The changes being anticipated for the Caribbean music industry assumes an integration of the business eco-system. We must have a means by which the artists can get paid for their artistic expressions. The Go Lean book fully detailed this music business eco-system with this sample advocacy; see  these headlines from Page 231:

10 Ways to Promote Music

1 Leverage the Single   Market
Allow for the unification of the region into one market of 42 million people. There are numerous [Afro-Caribbean] music genres that are unique to the region (Appendix ZS on Page 347): Calypso, Reggae, Salsa, Mambo, Merengue, Conga, Junkanoo and others. The integrated market size of the CU can support the deployment and regulation of a music eco-system where artists, writers, performers, promoters, broadcasters and retailers can be duly compensated for their efforts; thereby fostering an internal music industry and encouraging new generations to share their talents and dream of stardom.
2 Payment Eco-System
Arrange for settlement of electronic payments transactions allowing e-commerce (downloads) to flourish.
3 Level 1 – Music Fulfills Biological and Physiological needs
Exposure to music and music education is one common denominator among successful, satisfied, articulate people and helps cement their basic education that guarantees them the ability to advance in society so as to secure their livelihoods. Moreover, an ongoing musical experience (ideally begun at a young age) provides the consumer demand base for peripheral industries (orchestras, operas, arts organizations, etc.). Although it may not sell tickets immediately, it is an investment in a future generation of musically-literate patrons and participants.
4 Level 2 – Security/Safety needs
The CU will facilitate job security for talented musicians/artists by fostering a marketplace (real & virtual) to transact their occupations. Previously, the Internet had undermined the business models for the music industry, but there are now new paid services (like iTunes, Rhapsody, Pandora, etc.). Safety needs refer to protecting the industry to allow continuity of musical output and preventing the nullification of national art forms. “Music soothes the savage beast”.
5 Level 3 – Belongingness and Love needs
6 Level 4 – Esteem needs
7 Level 5 – Cognitive needs
8 Level 6 – Aesthetic needs
9 Level 7 – Self-Actualization needs
10 Level 8 – Transcendence needs

The power of music has been a familiar topic for previous Go Lean blog-commentaries. Consider this sample: Legacy of the ‘Buffalo Soldier’ Song Day of Happiness – Music-style; Miami-style; JITG-style Caribbean Roots: Sammy Davis, Jr. Forging Change: Panem et Circenses (Bread and Amusement) A Lesson in History: Jamaican Innovation for Hip Hop Taylor Swift withholds Album from Apple Music Extracurricular Music Programs Boost Students Post-Mortem of Inaugural Bahamas Junkanoo Carnival ‘Building a City’ on Rock-n-Roll and Music How ‘The Lion King’ productions roared into history Music Role Model Berry Gordy – Reflecting & Effecting Change Bob Marley: The Legend Lives On!

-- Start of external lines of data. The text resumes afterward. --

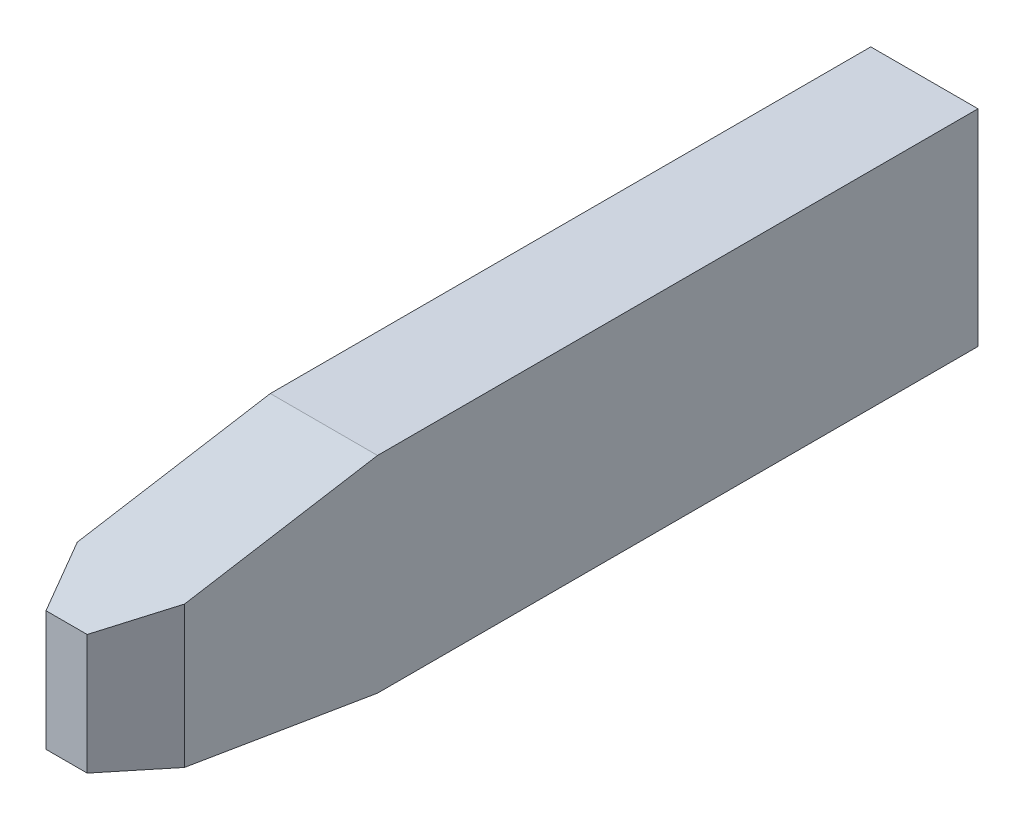
ISO-10303-21;
HEADER;
FILE_DESCRIPTION(('STEP AP214'),'2;1');
FILE_NAME('part.step','',(''),(''),'','','');
FILE_SCHEMA(('AUTOMOTIVE_DESIGN { 1 0 10303 214 1 1 1 1 }'));
ENDSEC;
DATA;
#1=APPLICATION_CONTEXT('core data for automotive mechanical design processes');
#2=APPLICATION_PROTOCOL_DEFINITION('international standard','automotive_design',2000,#1);
#3=PRODUCT_CONTEXT('',#1,'mechanical');
#4=PRODUCT('Part','Part','',(#3));
#5=PRODUCT_RELATED_PRODUCT_CATEGORY('part','',(#4));
#6=PRODUCT_DEFINITION_FORMATION('','',#4);
#7=PRODUCT_DEFINITION_CONTEXT('part definition',#1,'design');
#8=PRODUCT_DEFINITION('design','',#6,#7);
#9=PRODUCT_DEFINITION_SHAPE('','',#8);
#10=(LENGTH_UNIT() NAMED_UNIT(*) SI_UNIT(.MILLI.,.METRE.));
#11=(NAMED_UNIT(*) PLANE_ANGLE_UNIT() SI_UNIT($,.RADIAN.));
#12=(NAMED_UNIT(*) SI_UNIT($,.STERADIAN.) SOLID_ANGLE_UNIT());
#13=UNCERTAINTY_MEASURE_WITH_UNIT(LENGTH_MEASURE(1.E-05),#10,'distance_accuracy_value','');
#14=(GEOMETRIC_REPRESENTATION_CONTEXT(3) GLOBAL_UNCERTAINTY_ASSIGNED_CONTEXT((#13)) GLOBAL_UNIT_ASSIGNED_CONTEXT((#10,
#11,#12)) REPRESENTATION_CONTEXT('',''));
#15=CARTESIAN_POINT('',(0.,0.,0.));
#16=DIRECTION('',(0.,0.,1.));
#17=DIRECTION('',(1.,0.,0.));
#18=AXIS2_PLACEMENT_3D('',#15,#16,#17);
#19=CARTESIAN_POINT('',(-0.0937280755988341,0.116319500201119,-1.15));
#20=DIRECTION('',(0.,0.,1.));
#21=DIRECTION('',(1.,0.,0.));
#22=AXIS2_PLACEMENT_3D('',#19,#20,#21);
#23=PLANE('',#22);
#24=DIRECTION('',(-1.,0.,0.));
#25=VECTOR('',#24,1.);
#26=CARTESIAN_POINT('',(0.62500000001,1.57000000001,-1.15000000001));
#27=LINE('',#26,#25);
#28=CARTESIAN_POINT('',(0.625,1.57,-1.15));
#29=VERTEX_POINT('',#28);
#30=CARTESIAN_POINT('',(0.375,1.57,-1.15));
#31=VERTEX_POINT('',#30);
#32=EDGE_CURVE('E11',#29,#31,#27,.T.);
#33=ORIENTED_EDGE('',*,*,#32,.F.);
#34=DIRECTION('',(0.,1.,0.));
#35=VECTOR('',#34,1.);
#36=CARTESIAN_POINT('',(0.62500000001,1.09000000001,-1.15000000001));
#37=LINE('',#36,#35);
#38=CARTESIAN_POINT('',(0.625,1.09,-1.15));
#39=VERTEX_POINT('',#38);
#40=EDGE_CURVE('E24',#39,#29,#37,.T.);
#41=ORIENTED_EDGE('',*,*,#40,.F.);
#42=DIRECTION('',(-1.,0.,0.));
#43=VECTOR('',#42,1.);
#44=CARTESIAN_POINT('',(0.62500000001,1.09000000001,-1.15000000001));
#45=LINE('',#44,#43);
#46=CARTESIAN_POINT('',(0.375,1.09,-1.15));
#47=VERTEX_POINT('',#46);
#48=EDGE_CURVE('E142',#39,#47,#45,.T.);
#49=ORIENTED_EDGE('',*,*,#48,.T.);
#50=DIRECTION('',(0.,1.,0.));
#51=VECTOR('',#50,1.);
#52=CARTESIAN_POINT('',(0.37500000001,1.09000000001,-1.15000000001));
#53=LINE('',#52,#51);
#54=EDGE_CURVE('E140',#47,#31,#53,.T.);
#55=ORIENTED_EDGE('',*,*,#54,.T.);
#56=EDGE_LOOP('',(#33,#41,#49,#55));
#57=FACE_BOUND('',#56,.T.);
#58=ADVANCED_FACE('F17',(#57),#23,.F.);
#59=CARTESIAN_POINT('',(0.375,1.09,-1.85));
#60=DIRECTION('',(0.,-1.,0.));
#61=DIRECTION('',(0.,0.,-1.));
#62=AXIS2_PLACEMENT_3D('',#59,#60,#61);
#63=PLANE('',#62);
#64=ORIENTED_EDGE('',*,*,#48,.F.);
#65=DIRECTION('',(0.,0.,1.));
#66=VECTOR('',#65,1.);
#67=CARTESIAN_POINT('',(0.62500000001,1.09000000001,-1.15000000001));
#68=LINE('',#67,#66);
#69=CARTESIAN_POINT('',(0.625,1.09,0.25));
#70=VERTEX_POINT('',#69);
#71=EDGE_CURVE('E138',#39,#70,#68,.T.);
#72=ORIENTED_EDGE('',*,*,#71,.T.);
#73=DIRECTION('',(1.,0.,0.));
#74=VECTOR('',#73,1.);
#75=CARTESIAN_POINT('',(0.37500000001,1.09000000001,0.25000000001));
#76=LINE('',#75,#74);
#77=CARTESIAN_POINT('',(0.375,1.09,0.25));
#78=VERTEX_POINT('',#77);
#79=EDGE_CURVE('E135',#78,#70,#76,.T.);
#80=ORIENTED_EDGE('',*,*,#79,.F.);
#81=DIRECTION('',(0.,0.,1.));
#82=VECTOR('',#81,1.);
#83=CARTESIAN_POINT('',(0.37500000001,1.09000000001,-1.15000000001));
#84=LINE('',#83,#82);
#85=EDGE_CURVE('E132',#47,#78,#84,.T.);
#86=ORIENTED_EDGE('',*,*,#85,.F.);
#87=EDGE_LOOP('',(#64,#72,#80,#86));
#88=FACE_BOUND('',#87,.T.);
#89=ADVANCED_FACE('F163',(#88),#63,.T.);
#90=CARTESIAN_POINT('',(0.375,1.09,0.25));
#91=DIRECTION('',(0.,-0.986393923832136,0.164398987305406));
#92=DIRECTION('',(-1.,0.,0.));
#93=AXIS2_PLACEMENT_3D('',#90,#91,#92);
#94=PLANE('',#93);
#95=DIRECTION('',(0.,0.164398987323179,0.986393923829174));
#96=VECTOR('',#95,1.);
#97=CARTESIAN_POINT('',(0.37500000001,1.09000000001,0.25000000001));
#98=LINE('',#97,#96);
#99=CARTESIAN_POINT('',(0.375,1.165,0.7));
#100=VERTEX_POINT('',#99);
#101=EDGE_CURVE('E130',#78,#100,#98,.T.);
#102=ORIENTED_EDGE('',*,*,#101,.F.);
#103=ORIENTED_EDGE('',*,*,#79,.T.);
#104=DIRECTION('',(0.,0.164398987323179,0.986393923829174));
#105=VECTOR('',#104,1.);
#106=CARTESIAN_POINT('',(0.62500000001,1.09000000001,0.25000000001));
#107=LINE('',#106,#105);
#108=CARTESIAN_POINT('',(0.625,1.165,0.7));
#109=VERTEX_POINT('',#108);
#110=EDGE_CURVE('E128',#70,#109,#107,.T.);
#111=ORIENTED_EDGE('',*,*,#110,.T.);
#112=DIRECTION('',(-0.451739179899475,0.146668564942043,0.880011389359019));
#113=VECTOR('',#112,1.);
#114=CARTESIAN_POINT('',(0.62500000001,1.16500000001,0.70000000001));
#115=LINE('',#114,#113);
#116=CARTESIAN_POINT('',(0.548,1.19,0.85));
#117=VERTEX_POINT('',#116);
#118=EDGE_CURVE('E95',#109,#117,#115,.T.);
#119=ORIENTED_EDGE('',*,*,#118,.T.);
#120=DIRECTION('',(1.,0.,0.));
#121=VECTOR('',#120,1.);
#122=CARTESIAN_POINT('',(0.45200000001,1.19000000001,0.85000000001));
#123=LINE('',#122,#121);
#124=CARTESIAN_POINT('',(0.452,1.19,0.85));
#125=VERTEX_POINT('',#124);
#126=EDGE_CURVE('E124',#125,#117,#123,.T.);
#127=ORIENTED_EDGE('',*,*,#126,.F.);
#128=DIRECTION('',(-0.451739179899475,-0.146668564942043,-0.880011389359019));
#129=VECTOR('',#128,1.);
#130=CARTESIAN_POINT('',(0.45200000001,1.19000000001,0.85000000001));
#131=LINE('',#130,#129);
#132=EDGE_CURVE('E121',#125,#100,#131,.T.);
#133=ORIENTED_EDGE('',*,*,#132,.T.);
#134=EDGE_LOOP('',(#102,#103,#111,#119,#127,#133));
#135=FACE_BOUND('',#134,.T.);
#136=ADVANCED_FACE('F160',(#135),#94,.T.);
#137=CARTESIAN_POINT('',(0.375,1.19,0.85));
#138=DIRECTION('',(0.,0.,1.));
#139=DIRECTION('',(1.,0.,0.));
#140=AXIS2_PLACEMENT_3D('',#137,#138,#139);
#141=PLANE('',#140);
#142=ORIENTED_EDGE('',*,*,#126,.T.);
#143=DIRECTION('',(0.,-1.,0.));
#144=VECTOR('',#143,1.);
#145=CARTESIAN_POINT('',(0.54800000001,1.47000000001,0.85000000001));
#146=LINE('',#145,#144);
#147=CARTESIAN_POINT('',(0.548,1.47,0.85));
#148=VERTEX_POINT('',#147);
#149=EDGE_CURVE('E119',#148,#117,#146,.T.);
#150=ORIENTED_EDGE('',*,*,#149,.F.);
#151=DIRECTION('',(1.,0.,0.));
#152=VECTOR('',#151,1.);
#153=CARTESIAN_POINT('',(0.45200000001,1.47000000001,0.85000000001));
#154=LINE('',#153,#152);
#155=CARTESIAN_POINT('',(0.452,1.47,0.85));
#156=VERTEX_POINT('',#155);
#157=EDGE_CURVE('E100',#156,#148,#154,.T.);
#158=ORIENTED_EDGE('',*,*,#157,.F.);
#159=DIRECTION('',(0.,1.,0.));
#160=VECTOR('',#159,1.);
#161=CARTESIAN_POINT('',(0.45200000001,1.19000000001,0.85000000001));
#162=LINE('',#161,#160);
#163=EDGE_CURVE('E115',#125,#156,#162,.T.);
#164=ORIENTED_EDGE('',*,*,#163,.F.);
#165=EDGE_LOOP('',(#142,#150,#158,#164));
#166=FACE_BOUND('',#165,.T.);
#167=ADVANCED_FACE('F158',(#166),#141,.T.);
#168=CARTESIAN_POINT('',(0.375,1.57,0.25));
#169=DIRECTION('',(0.,1.,0.));
#170=DIRECTION('',(1.,0.,0.));
#171=AXIS2_PLACEMENT_3D('',#168,#169,#170);
#172=PLANE('',#171);
#173=DIRECTION('',(1.,0.,0.));
#174=VECTOR('',#173,1.);
#175=CARTESIAN_POINT('',(0.37500000001,1.57000000001,0.25000000001));
#176=LINE('',#175,#174);
#177=CARTESIAN_POINT('',(0.375,1.57,0.25));
#178=VERTEX_POINT('',#177);
#179=CARTESIAN_POINT('',(0.625,1.57,0.25));
#180=VERTEX_POINT('',#179);
#181=EDGE_CURVE('E113',#178,#180,#176,.T.);
#182=ORIENTED_EDGE('',*,*,#181,.T.);
#183=DIRECTION('',(0.,0.,-1.));
#184=VECTOR('',#183,1.);
#185=CARTESIAN_POINT('',(0.62500000001,1.57000000001,0.25000000001));
#186=LINE('',#185,#184);
#187=EDGE_CURVE('E84',#180,#29,#186,.T.);
#188=ORIENTED_EDGE('',*,*,#187,.T.);
#189=ORIENTED_EDGE('',*,*,#32,.T.);
#190=DIRECTION('',(0.,0.,-1.));
#191=VECTOR('',#190,1.);
#192=CARTESIAN_POINT('',(0.37500000001,1.57000000001,0.25000000001));
#193=LINE('',#192,#191);
#194=EDGE_CURVE('E109',#178,#31,#193,.T.);
#195=ORIENTED_EDGE('',*,*,#194,.F.);
#196=EDGE_LOOP('',(#182,#188,#189,#195));
#197=FACE_BOUND('',#196,.T.);
#198=ADVANCED_FACE('F145',(#197),#172,.T.);
#199=CARTESIAN_POINT('',(0.4135,1.33,0.775));
#200=DIRECTION('',(-0.889632145943004,0.,0.456677834917402));
#201=DIRECTION('',(0.,1.,0.));
#202=AXIS2_PLACEMENT_3D('',#199,#200,#201);
#203=PLANE('',#202);
#204=DIRECTION('',(0.,1.,0.));
#205=VECTOR('',#204,1.);
#206=CARTESIAN_POINT('',(0.37500000001,1.16500000001,0.70000000001));
#207=LINE('',#206,#205);
#208=CARTESIAN_POINT('',(0.375,1.495,0.7));
#209=VERTEX_POINT('',#208);
#210=EDGE_CURVE('E107',#100,#209,#207,.T.);
#211=ORIENTED_EDGE('',*,*,#210,.F.);
#212=ORIENTED_EDGE('',*,*,#132,.F.);
#213=ORIENTED_EDGE('',*,*,#163,.T.);
#214=DIRECTION('',(0.451739179899475,-0.146668564942043,0.880011389359019));
#215=VECTOR('',#214,1.);
#216=CARTESIAN_POINT('',(0.37500000001,1.49500000001,0.70000000001));
#217=LINE('',#216,#215);
#218=EDGE_CURVE('E105',#209,#156,#217,.T.);
#219=ORIENTED_EDGE('',*,*,#218,.F.);
#220=EDGE_LOOP('',(#211,#212,#213,#219));
#221=FACE_BOUND('',#220,.T.);
#222=ADVANCED_FACE('F155',(#221),#203,.T.);
#223=CARTESIAN_POINT('',(0.375,0.,-2.4));
#224=DIRECTION('',(-1.,0.,0.));
#225=DIRECTION('',(0.,0.,1.));
#226=AXIS2_PLACEMENT_3D('',#223,#224,#225);
#227=PLANE('',#226);
#228=DIRECTION('',(0.,0.164398987323179,-0.986393923829174));
#229=VECTOR('',#228,1.);
#230=CARTESIAN_POINT('',(0.37500000001,1.49500000001,0.70000000001));
#231=LINE('',#230,#229);
#232=EDGE_CURVE('E87',#209,#178,#231,.T.);
#233=ORIENTED_EDGE('',*,*,#232,.T.);
#234=ORIENTED_EDGE('',*,*,#194,.T.);
#235=ORIENTED_EDGE('',*,*,#54,.F.);
#236=ORIENTED_EDGE('',*,*,#85,.T.);
#237=ORIENTED_EDGE('',*,*,#101,.T.);
#238=ORIENTED_EDGE('',*,*,#210,.T.);
#239=EDGE_LOOP('',(#233,#234,#235,#236,#237,#238));
#240=FACE_BOUND('',#239,.T.);
#241=ADVANCED_FACE('F149',(#240),#227,.T.);
#242=CARTESIAN_POINT('',(0.625,0.,-2.4));
#243=DIRECTION('',(-1.,0.,0.));
#244=DIRECTION('',(0.,0.,1.));
#245=AXIS2_PLACEMENT_3D('',#242,#243,#244);
#246=PLANE('',#245);
#247=ORIENTED_EDGE('',*,*,#110,.F.);
#248=ORIENTED_EDGE('',*,*,#71,.F.);
#249=ORIENTED_EDGE('',*,*,#40,.T.);
#250=ORIENTED_EDGE('',*,*,#187,.F.);
#251=DIRECTION('',(0.,0.164398987323179,-0.986393923829174));
#252=VECTOR('',#251,1.);
#253=CARTESIAN_POINT('',(0.62500000001,1.49500000001,0.70000000001));
#254=LINE('',#253,#252);
#255=CARTESIAN_POINT('',(0.625,1.495,0.7));
#256=VERTEX_POINT('',#255);
#257=EDGE_CURVE('E79',#256,#180,#254,.T.);
#258=ORIENTED_EDGE('',*,*,#257,.F.);
#259=DIRECTION('',(0.,-1.,0.));
#260=VECTOR('',#259,1.);
#261=CARTESIAN_POINT('',(0.62500000001,1.49500000001,0.70000000001));
#262=LINE('',#261,#260);
#263=EDGE_CURVE('E83',#256,#109,#262,.T.);
#264=ORIENTED_EDGE('',*,*,#263,.T.);
#265=EDGE_LOOP('',(#247,#248,#249,#250,#258,#264));
#266=FACE_BOUND('',#265,.T.);
#267=ADVANCED_FACE('F82',(#266),#246,.F.);
#268=CARTESIAN_POINT('',(0.5865,1.33,0.775));
#269=DIRECTION('',(0.889632145943004,0.,0.456677834917402));
#270=DIRECTION('',(0.,-1.,0.));
#271=AXIS2_PLACEMENT_3D('',#268,#269,#270);
#272=PLANE('',#271);
#273=ORIENTED_EDGE('',*,*,#263,.F.);
#274=DIRECTION('',(0.451739179899475,0.146668564942043,-0.880011389359019));
#275=VECTOR('',#274,1.);
#276=CARTESIAN_POINT('',(0.54800000001,1.47000000001,0.85000000001));
#277=LINE('',#276,#275);
#278=EDGE_CURVE('E94',#148,#256,#277,.T.);
#279=ORIENTED_EDGE('',*,*,#278,.F.);
#280=ORIENTED_EDGE('',*,*,#149,.T.);
#281=ORIENTED_EDGE('',*,*,#118,.F.);
#282=EDGE_LOOP('',(#273,#279,#280,#281));
#283=FACE_BOUND('',#282,.T.);
#284=ADVANCED_FACE('F92',(#283),#272,.T.);
#285=CARTESIAN_POINT('',(0.375,1.47,0.85));
#286=DIRECTION('',(0.,0.986393923832136,0.164398987305406));
#287=DIRECTION('',(1.,0.,0.));
#288=AXIS2_PLACEMENT_3D('',#285,#286,#287);
#289=PLANE('',#288);
#290=ORIENTED_EDGE('',*,*,#157,.T.);
#291=ORIENTED_EDGE('',*,*,#278,.T.);
#292=ORIENTED_EDGE('',*,*,#257,.T.);
#293=ORIENTED_EDGE('',*,*,#181,.F.);
#294=ORIENTED_EDGE('',*,*,#232,.F.);
#295=ORIENTED_EDGE('',*,*,#218,.T.);
#296=EDGE_LOOP('',(#290,#291,#292,#293,#294,#295));
#297=FACE_BOUND('',#296,.T.);
#298=ADVANCED_FACE('F98',(#297),#289,.T.);
#299=CLOSED_SHELL('',(#58,#89,#136,#167,#198,#222,#241,#267,#284,#298));
#300=MANIFOLD_SOLID_BREP('B1',#299);
#301=ADVANCED_BREP_SHAPE_REPRESENTATION('',(#18,#300),#14);
#302=SHAPE_DEFINITION_REPRESENTATION(#9,#301);
ENDSEC;
END-ISO-10303-21;

We salute those like Peter Hernandez (Senior) who left the Puerto Rican Diaspora of Brooklyn as a youth, looking for opportunities in the world of music-entertainment. We salute him and other such ones, even their descendants and legacies. We know there are “new” Peter Hernandez -types and “new” Bruno Mars-types throughout Caribbean member-states, waiting to be fostered. We hail them as our future.

Now is the time for all stakeholders – musicians and music lovers alike – in the Caribbean to lean-in for the empowerments described here-in and in the book Go Lean … Caribbean. Our society is failing; we can turn-around and reboot. Music helps to forge that change!

We can and must be better and do better and help to make our Caribbean homeland a better place to live, work and play. So we need a fully functional music industry because we need music, and the effects of music: the power to move people. 🙂

Download the free e-Book of Go Lean … Caribbean – now!

Sign the petition to lean-in for the roadmap for the Caribbean Union Trade Federation.


Appendix A – Bruno Mars Biography
Peter Gene Hernandez (born October 8, 1985), known professionally as Bruno Mars, is an American singer-songwriter, multi-instrumentalist, record producer, and choreographer. Born and raised in Honolulu, Hawaii, by a family of musicians, Mars began making music at a young age and performed in various musical venues in his hometown throughout his childhood. He graduated from high school and moved to Los Angeles to pursue a musical career. After being dropped by Motown Records, Mars signed a recording contract with Atlantic Records in 2009.

In 2009, he co-founded the production team “The Smeezingtons”, responsible for the singles “Nothin’ on You” by B.o.B and “Billionaire” by Travie McCoy. He featured on the hooks for both singles, becoming recognized as a solo artist. His debut studio album Doo-Wops & Hooligans (2010) included the U.S. Billboard Hot 100 chart-topping singles “Just the Way You Are” and “Grenade“, as well as the number-four single “The Lazy Song“. His second album, Unorthodox Jukebox (2012), peaked at number one in the United   States. The album spawned the international singles “Locked Out of Heaven“, “When I Was Your Man” and “Treasure“. In 2014, Mars lent his vocals to Mark Ronson’s “Uptown Funk“. In 2016, he released his third studio album 24K Magic with the lead single of the same title released on October 7, 2016. To date, he has sold over 115 million singles and 9 million albums worldwide, making him one of the best-selling artists of all time. Mars has landed seven number-one singles on the Billboard Hot 100 since his career launched in 2010, attaining his first five faster than any male artist since Elvis Presley.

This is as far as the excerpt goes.